Collected data entries:
# # #

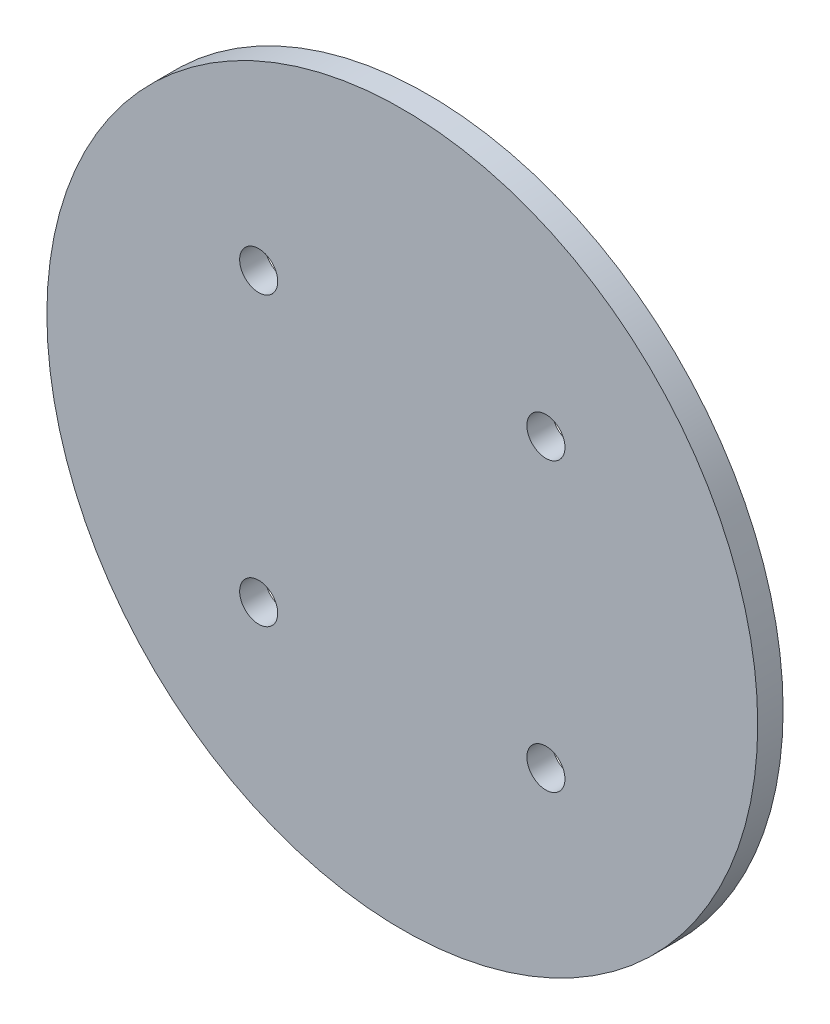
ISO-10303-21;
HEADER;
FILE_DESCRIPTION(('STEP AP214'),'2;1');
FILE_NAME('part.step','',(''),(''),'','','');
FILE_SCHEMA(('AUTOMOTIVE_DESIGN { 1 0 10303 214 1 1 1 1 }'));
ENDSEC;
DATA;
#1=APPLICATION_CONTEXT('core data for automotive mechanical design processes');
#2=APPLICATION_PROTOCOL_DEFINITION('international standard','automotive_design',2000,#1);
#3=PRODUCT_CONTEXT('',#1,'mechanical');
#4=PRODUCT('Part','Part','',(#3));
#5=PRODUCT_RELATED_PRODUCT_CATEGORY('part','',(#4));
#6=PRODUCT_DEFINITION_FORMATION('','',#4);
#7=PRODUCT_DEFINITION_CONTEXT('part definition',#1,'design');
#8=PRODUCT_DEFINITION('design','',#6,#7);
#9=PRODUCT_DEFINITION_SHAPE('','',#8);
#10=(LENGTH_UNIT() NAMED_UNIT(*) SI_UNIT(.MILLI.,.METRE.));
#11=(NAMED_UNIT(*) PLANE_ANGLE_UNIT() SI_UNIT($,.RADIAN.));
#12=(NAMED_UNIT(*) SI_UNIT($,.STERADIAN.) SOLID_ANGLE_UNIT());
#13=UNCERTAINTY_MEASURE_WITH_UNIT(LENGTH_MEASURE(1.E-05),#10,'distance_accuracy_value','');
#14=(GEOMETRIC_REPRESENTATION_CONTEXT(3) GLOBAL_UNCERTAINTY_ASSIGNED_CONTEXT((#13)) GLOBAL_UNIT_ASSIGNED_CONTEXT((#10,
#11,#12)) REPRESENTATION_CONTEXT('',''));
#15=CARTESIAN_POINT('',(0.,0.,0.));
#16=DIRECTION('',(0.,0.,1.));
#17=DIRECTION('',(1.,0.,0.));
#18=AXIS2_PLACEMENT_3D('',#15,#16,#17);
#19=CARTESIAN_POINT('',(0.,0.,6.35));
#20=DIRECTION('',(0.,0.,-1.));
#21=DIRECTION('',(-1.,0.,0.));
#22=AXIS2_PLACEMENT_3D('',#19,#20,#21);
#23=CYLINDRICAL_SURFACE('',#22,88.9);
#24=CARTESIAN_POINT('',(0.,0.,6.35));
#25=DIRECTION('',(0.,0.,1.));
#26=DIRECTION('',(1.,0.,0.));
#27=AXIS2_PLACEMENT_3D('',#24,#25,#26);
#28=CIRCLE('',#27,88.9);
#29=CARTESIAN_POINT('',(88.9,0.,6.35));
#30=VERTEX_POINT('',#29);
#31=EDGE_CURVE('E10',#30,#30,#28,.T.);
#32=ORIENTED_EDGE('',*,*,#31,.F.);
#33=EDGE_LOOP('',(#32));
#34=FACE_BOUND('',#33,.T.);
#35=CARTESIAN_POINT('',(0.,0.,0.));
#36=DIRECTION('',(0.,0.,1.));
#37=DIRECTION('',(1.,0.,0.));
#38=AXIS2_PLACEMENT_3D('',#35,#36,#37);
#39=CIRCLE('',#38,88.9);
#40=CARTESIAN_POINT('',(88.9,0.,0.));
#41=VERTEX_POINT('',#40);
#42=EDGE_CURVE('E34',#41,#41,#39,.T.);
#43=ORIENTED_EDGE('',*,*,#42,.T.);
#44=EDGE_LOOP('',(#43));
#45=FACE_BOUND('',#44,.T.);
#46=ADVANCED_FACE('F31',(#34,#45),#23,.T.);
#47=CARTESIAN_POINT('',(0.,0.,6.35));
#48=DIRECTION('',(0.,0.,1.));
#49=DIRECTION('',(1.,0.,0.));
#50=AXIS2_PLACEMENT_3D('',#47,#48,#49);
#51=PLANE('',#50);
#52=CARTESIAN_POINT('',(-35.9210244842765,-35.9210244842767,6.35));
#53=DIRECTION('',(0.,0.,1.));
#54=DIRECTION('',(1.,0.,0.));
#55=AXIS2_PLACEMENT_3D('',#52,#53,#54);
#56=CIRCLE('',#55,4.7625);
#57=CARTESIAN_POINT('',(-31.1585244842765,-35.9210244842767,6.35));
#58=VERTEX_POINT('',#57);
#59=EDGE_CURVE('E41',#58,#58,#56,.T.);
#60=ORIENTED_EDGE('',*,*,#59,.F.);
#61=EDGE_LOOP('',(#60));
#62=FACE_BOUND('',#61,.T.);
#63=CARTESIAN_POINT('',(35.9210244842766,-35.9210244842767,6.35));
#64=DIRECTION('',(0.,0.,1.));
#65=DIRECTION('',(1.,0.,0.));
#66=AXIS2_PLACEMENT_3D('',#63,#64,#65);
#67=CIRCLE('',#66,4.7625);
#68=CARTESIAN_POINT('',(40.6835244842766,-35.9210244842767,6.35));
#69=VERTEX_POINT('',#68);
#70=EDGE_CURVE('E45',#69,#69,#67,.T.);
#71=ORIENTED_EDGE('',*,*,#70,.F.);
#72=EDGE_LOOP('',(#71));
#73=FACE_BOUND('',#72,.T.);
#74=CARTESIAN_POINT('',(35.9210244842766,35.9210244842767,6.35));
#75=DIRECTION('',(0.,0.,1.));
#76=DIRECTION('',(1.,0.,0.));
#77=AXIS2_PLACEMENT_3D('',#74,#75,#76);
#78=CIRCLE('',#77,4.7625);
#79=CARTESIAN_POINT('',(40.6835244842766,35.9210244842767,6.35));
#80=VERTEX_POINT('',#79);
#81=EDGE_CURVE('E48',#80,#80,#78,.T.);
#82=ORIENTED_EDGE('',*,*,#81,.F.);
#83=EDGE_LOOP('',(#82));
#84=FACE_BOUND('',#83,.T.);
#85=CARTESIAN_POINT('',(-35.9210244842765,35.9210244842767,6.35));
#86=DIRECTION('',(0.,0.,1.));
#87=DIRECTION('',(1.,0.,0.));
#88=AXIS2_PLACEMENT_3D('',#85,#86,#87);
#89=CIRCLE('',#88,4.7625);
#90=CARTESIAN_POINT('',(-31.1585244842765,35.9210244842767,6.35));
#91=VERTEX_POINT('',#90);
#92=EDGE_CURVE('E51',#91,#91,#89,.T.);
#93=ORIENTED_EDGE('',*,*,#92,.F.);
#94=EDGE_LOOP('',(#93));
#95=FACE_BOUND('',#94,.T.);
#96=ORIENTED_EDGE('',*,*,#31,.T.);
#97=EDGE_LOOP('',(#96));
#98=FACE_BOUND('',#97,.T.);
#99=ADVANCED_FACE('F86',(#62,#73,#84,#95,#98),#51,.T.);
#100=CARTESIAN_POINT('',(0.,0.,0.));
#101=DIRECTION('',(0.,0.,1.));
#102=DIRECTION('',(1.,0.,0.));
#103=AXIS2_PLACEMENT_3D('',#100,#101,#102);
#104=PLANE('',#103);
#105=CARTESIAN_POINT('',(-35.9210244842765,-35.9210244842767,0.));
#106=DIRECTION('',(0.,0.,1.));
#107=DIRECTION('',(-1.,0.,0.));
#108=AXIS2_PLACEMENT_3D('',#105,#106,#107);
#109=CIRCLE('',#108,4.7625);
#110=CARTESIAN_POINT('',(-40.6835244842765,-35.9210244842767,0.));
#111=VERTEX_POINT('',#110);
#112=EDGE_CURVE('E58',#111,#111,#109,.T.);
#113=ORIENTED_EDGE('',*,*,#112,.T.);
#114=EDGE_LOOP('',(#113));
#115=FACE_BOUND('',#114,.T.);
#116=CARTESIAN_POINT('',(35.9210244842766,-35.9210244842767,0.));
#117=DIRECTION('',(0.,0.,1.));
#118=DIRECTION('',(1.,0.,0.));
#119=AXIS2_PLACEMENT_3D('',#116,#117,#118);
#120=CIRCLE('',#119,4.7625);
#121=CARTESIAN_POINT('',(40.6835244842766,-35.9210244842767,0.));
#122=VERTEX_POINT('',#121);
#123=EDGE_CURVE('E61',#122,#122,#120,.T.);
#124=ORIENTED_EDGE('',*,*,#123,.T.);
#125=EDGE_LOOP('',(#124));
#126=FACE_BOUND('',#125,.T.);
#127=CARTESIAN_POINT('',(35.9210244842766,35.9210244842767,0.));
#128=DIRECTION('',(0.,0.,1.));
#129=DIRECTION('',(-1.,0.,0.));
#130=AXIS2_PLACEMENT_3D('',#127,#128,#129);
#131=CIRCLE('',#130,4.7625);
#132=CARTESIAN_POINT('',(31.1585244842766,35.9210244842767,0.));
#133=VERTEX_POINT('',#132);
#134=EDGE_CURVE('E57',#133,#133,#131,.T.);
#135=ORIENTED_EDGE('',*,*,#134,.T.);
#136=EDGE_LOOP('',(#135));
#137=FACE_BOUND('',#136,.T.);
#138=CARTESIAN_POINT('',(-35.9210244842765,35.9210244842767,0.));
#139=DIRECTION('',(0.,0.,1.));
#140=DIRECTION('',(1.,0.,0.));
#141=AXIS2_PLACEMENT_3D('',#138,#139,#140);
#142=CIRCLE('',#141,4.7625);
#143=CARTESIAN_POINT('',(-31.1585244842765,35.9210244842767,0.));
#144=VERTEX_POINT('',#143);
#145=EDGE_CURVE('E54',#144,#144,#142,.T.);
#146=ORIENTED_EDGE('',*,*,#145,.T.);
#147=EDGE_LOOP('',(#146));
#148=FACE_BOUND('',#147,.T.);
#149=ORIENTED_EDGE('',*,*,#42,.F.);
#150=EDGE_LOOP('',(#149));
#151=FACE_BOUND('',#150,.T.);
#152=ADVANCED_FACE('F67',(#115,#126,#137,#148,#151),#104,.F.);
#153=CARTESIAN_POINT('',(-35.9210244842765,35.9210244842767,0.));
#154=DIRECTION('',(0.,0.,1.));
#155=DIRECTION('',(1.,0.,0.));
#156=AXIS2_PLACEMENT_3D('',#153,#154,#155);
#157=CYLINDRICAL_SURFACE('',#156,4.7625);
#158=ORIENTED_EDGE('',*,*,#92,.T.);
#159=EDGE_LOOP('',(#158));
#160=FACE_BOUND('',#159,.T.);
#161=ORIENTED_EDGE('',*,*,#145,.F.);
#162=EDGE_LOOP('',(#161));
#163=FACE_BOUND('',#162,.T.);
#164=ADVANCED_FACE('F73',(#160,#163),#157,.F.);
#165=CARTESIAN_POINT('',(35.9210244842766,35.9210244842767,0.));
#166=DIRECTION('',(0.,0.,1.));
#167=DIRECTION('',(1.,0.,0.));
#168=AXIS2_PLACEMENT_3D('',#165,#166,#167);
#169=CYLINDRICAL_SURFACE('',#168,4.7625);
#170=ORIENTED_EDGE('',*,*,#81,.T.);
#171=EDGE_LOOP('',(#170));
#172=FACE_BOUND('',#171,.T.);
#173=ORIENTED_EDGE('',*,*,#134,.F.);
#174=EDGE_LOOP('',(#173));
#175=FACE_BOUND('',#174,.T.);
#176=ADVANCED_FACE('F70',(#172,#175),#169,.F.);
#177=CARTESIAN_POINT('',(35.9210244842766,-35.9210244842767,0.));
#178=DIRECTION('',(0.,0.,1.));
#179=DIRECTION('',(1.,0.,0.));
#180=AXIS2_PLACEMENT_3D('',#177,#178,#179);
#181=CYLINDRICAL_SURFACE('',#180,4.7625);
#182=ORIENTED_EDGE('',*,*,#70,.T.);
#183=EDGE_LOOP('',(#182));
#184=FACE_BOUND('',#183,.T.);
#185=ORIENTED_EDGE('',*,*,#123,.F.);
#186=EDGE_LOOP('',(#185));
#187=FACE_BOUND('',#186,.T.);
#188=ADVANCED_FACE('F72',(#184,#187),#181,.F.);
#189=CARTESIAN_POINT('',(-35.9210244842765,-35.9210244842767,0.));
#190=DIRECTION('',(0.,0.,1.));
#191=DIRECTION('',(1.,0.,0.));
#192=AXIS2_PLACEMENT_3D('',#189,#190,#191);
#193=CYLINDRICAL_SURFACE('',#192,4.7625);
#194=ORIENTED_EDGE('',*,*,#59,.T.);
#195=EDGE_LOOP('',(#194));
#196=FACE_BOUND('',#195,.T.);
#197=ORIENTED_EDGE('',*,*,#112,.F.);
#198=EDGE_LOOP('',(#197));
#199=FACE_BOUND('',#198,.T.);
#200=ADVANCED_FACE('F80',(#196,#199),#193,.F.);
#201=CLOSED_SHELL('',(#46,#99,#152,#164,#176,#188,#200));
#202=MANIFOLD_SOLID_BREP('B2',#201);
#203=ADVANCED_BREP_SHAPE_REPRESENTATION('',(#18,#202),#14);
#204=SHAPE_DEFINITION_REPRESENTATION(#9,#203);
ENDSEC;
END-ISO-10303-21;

# # #

Problem details:
In the entries above, please find the line with "#148=FACE_BOUND('',#147,.T.);" and the line with "#160=FACE_BOUND('',#159,.T.);", then write out exactly those two lines and every line between them, and nothing more.

Completed task:
#148=FACE_BOUND('',#147,.T.);
#149=ORIENTED_EDGE('',*,*,#42,.F.);
#150=EDGE_LOOP('',(#149));
#151=FACE_BOUND('',#150,.T.);
#152=ADVANCED_FACE('F67',(#115,#126,#137,#148,#151),#104,.F.);
#153=CARTESIAN_POINT('',(-35.9210244842765,35.9210244842767,0.));
#154=DIRECTION('',(0.,0.,1.));
#155=DIRECTION('',(1.,0.,0.));
#156=AXIS2_PLACEMENT_3D('',#153,#154,#155);
#157=CYLINDRICAL_SURFACE('',#156,4.7625);
#158=ORIENTED_EDGE('',*,*,#92,.T.);
#159=EDGE_LOOP('',(#158));
#160=FACE_BOUND('',#159,.T.);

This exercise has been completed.